В книге рассказывается история главного героя, который сталкивается с различными проблемами и препятствиями на протяжении всего своего путешествия. По пути он встречает множество второстепенных персонажей, которые играют важные роли в истории. Благодаря опыту главного героя книга исследует такие темы, как любовь, потеря, надежда и стойкость. По мере того, как главный герой преодолевает свои трудности, он усваивает ценные уроки жизни и растет как личность.
Автор книги — немецкий врач — обращается к личности Парацельса, врача, философа, алхимика, мистика. В эпоху Реформации, когда религия, литература, наука оказались скованными цепями догматизма, ханжества и лицемерия, Парацельс совершил революцию в духовной жизни западной цивилизации.Он не просто будоражил общество, выводил его из средневековой спячки своими речами, своим учением, всем своим образом жизни. Весьма велико и его литературное наследие. Философия, медицина, пневматология (учение о духах), космология, антропология, алхимия, астрология, магия — вот далеко не полный перечень тем его трудов.Автор много цитирует самого Парацельса, и оттого голос этого удивительного человека как бы звучит со страниц книги, придает ей жизненность и подлинность.
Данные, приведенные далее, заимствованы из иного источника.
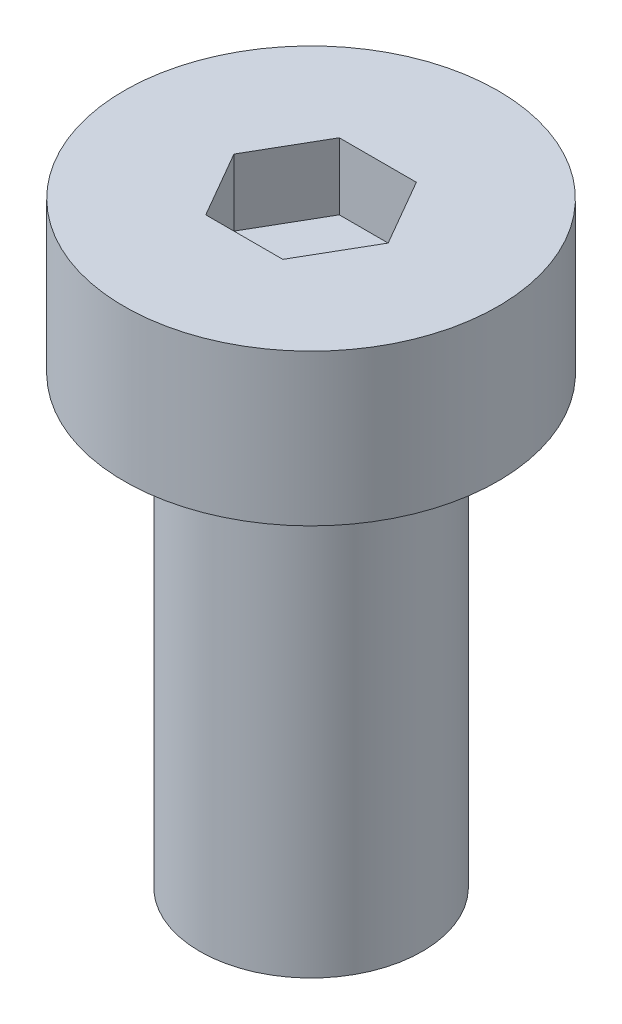
SolidWorks part; units mm, degrees
ref_plane "Front Plane" through (0, 0, 0) normal (0, 0, 1) x (1, 0, 0)
ref_plane "Top Plane" through (0, 0, 0) normal (0, 1, 0) x (1, 0, 0)
ref_plane "Right Plane" through (0, 0, 0) normal (1, 0, 0) x (0, 0, -1)
sketch "Sketch1" plane through (0, 0, 0) normal (0, 1, 0) x (1, 0, 0)
  circle A0 centre (0, 0) radius 2.5
  dimension "D1" = 5
extrude "Boss-Extrude1" add sketch "Sketch1" along normal blind 10
sketch "Sketch3" plane through (0, 0, 0) normal (0, 0, 1) x (1, 0, 0)
  line L0 (2.5, 10) -> (-2.5, 10) construction
  line L2 (0, 10) -> (0, 13.4)
  line L3 (-4.2, 10) -> (0, 10)
  line L6 (-4.2, 10) -> (-4.2, 13.4)
  line L7 (-4.2, 13.4) -> (0, 13.4)
  dimension "D1" = 3.4
  dimension "D2" = 4.2
revolve "Revolve2" add sketch "Sketch3" angle 360 about L2
sketch "Sketch4" plane through (0, 13.4, 0) normal (0, 1, 0) x (1, 0, 0)
  line L1 (1.7321, 0) -> (0.866, 1.5)
  line L2 (0.866, 1.5) -> (-0.866, 1.5)
  line L3 (-0.866, 1.5) -> (-1.7321, 0)
  line L4 (-1.7321, 0) -> (-0.866, -1.5)
  line L5 (-0.866, -1.5) -> (0.866, -1.5)
  line L6 (0.866, -1.5) -> (1.7321, 0)
  circle A0 centre (0, 0) radius 1.5 construction
  dimension "D1" = 3
extrude "Cut-Extrude1" cut sketch "Sketch4" against normal blind 1.5
fillet "Fillet1" radius 1 rebuild error yes type face fillet
fillet "Fillet2" radius 1 rebuild error yes type face fillet
fillet "Fillet3" radius 1 rebuild error yes type face fillet
fillet "Fillet4" radius 1 rebuild error yes type face fillet
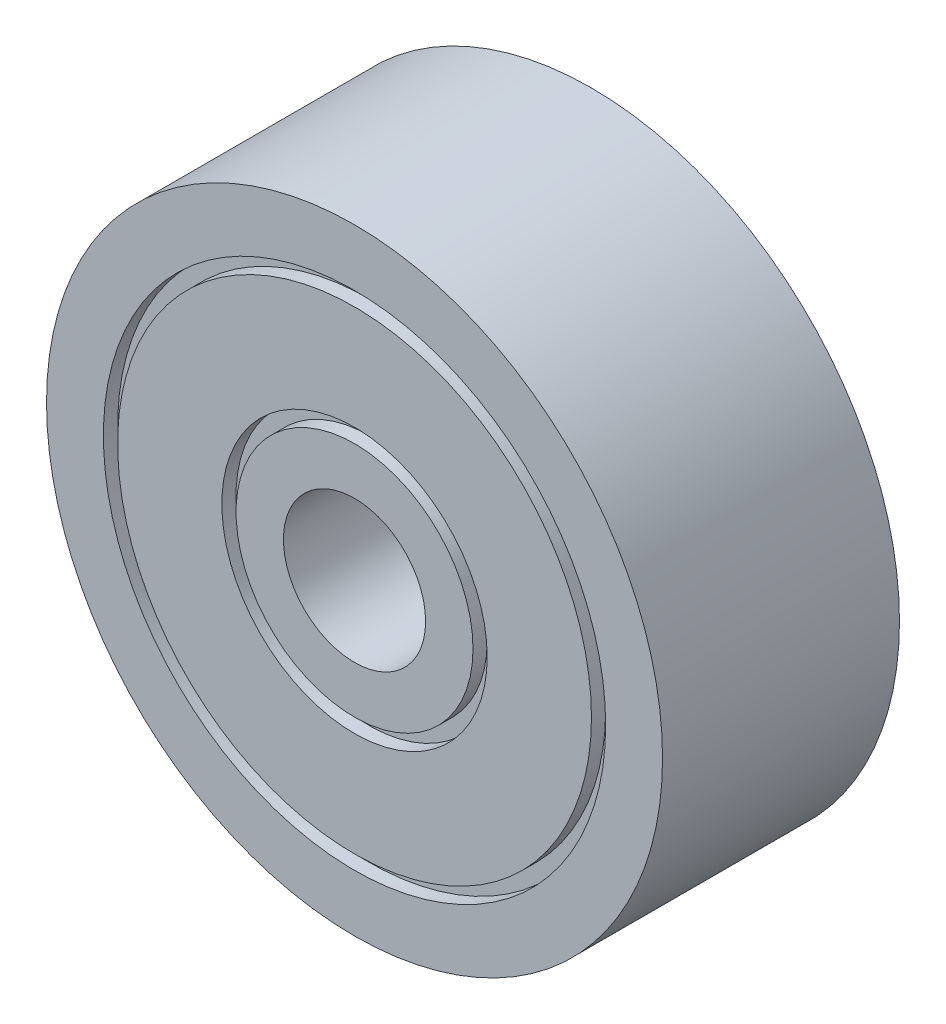
SolidWorks part; units mm, degrees
ref_plane "Front Plane" through (0, 0, 0) normal (0, 0, 1) x (1, 0, 0)
ref_plane "Top Plane" through (0, 0, 0) normal (0, 1, 0) x (1, 0, 0)
ref_plane "Right Plane" through (0, 0, 0) normal (1, 0, 0) x (0, 0, -1)
sketch "Esquisse1" plane through (0, 0, 0) normal (0, 0, 1) x (1, 0, 0)
  circle A0 centre (0, 0) radius 6.5
  circle A1 centre (0, 0) radius 1.5
  dimension "D1" = 13
  dimension "D2" = 3
extrude "Boss.-Extru.1" add sketch "Esquisse1" along normal blind 5
ref_axis "Axe1" through (0, 0, 5.25) along (0, 0, -1)
sketch "Esquisse3" plane through (0, 0, 0) normal (1, 0, 0) x (0, 0, -1)
  line L0 (-5, 6.5) -> (-5, -6.5) construction
  line L1 (-5, 2.8) -> (-4.7, 2.8)
  line L2 (-5, 2.8) -> (-5, 2.5)
  line L3 (-5, 2.5) -> (-4.7, 2.5)
  line L4 (-4.7, 2.8) -> (-4.7, 2.5)
  line L5 (2.75, 0) -> (-2.75, 0) construction
  line L6 (0, 7.15) -> (0, -7.15) construction
  line L7 (-0.3, 2.8) -> (0, 2.8)
  line L8 (-0.3, 2.8) -> (-0.3, 2.5)
  line L9 (-0.3, 2.5) -> (0, 2.5)
  line L10 (0, 2.8) -> (0, 2.5)
  line L12 (-4.7, 5) -> (-5, 5)
  line L13 (-4.7, 5) -> (-4.7, 5.3)
  line L14 (-4.7, 5.3) -> (-5, 5.3)
  line L15 (-5, 5) -> (-5, 5.3)
  line L16 (-0.3, 5) -> (0, 5)
  line L17 (-0.3, 5) -> (-0.3, 5.3)
  line L18 (-0.3, 5.3) -> (0, 5.3)
  line L19 (0, 5) -> (0, 5.3)
  point P22 (0, 0)
  dimension "D1" = 2.5
  dimension "D2" = 0.3
  dimension "D3" = 0.3
  dimension "D4" = 5
revolve "Enlèvement de matière-Révolution1" cut sketch "Esquisse3" angle 360 about axis through (0, 0, 5.25) along (0, 0, -1)

Размышления знаменитого писателя-фантаста и философа о кибернетике, ее роли и месте в современном мире в контексте связанных с этой наукой – и порождаемых ею – социальных, психологических и нравственных проблемах. Как выглядят с точки зрения кибернетики различные модели общества? Какая система более устойчива: абсолютная тирания или полная анархия? Может ли современная наука даровать человеку бессмертие, и если да, то как быть в этом случае с проблемой идентичности личности?Написанная в конце пятидесятых годов XX века, снабженная впоследствии приложением и дополнением, эта книга по-прежнему актуальна.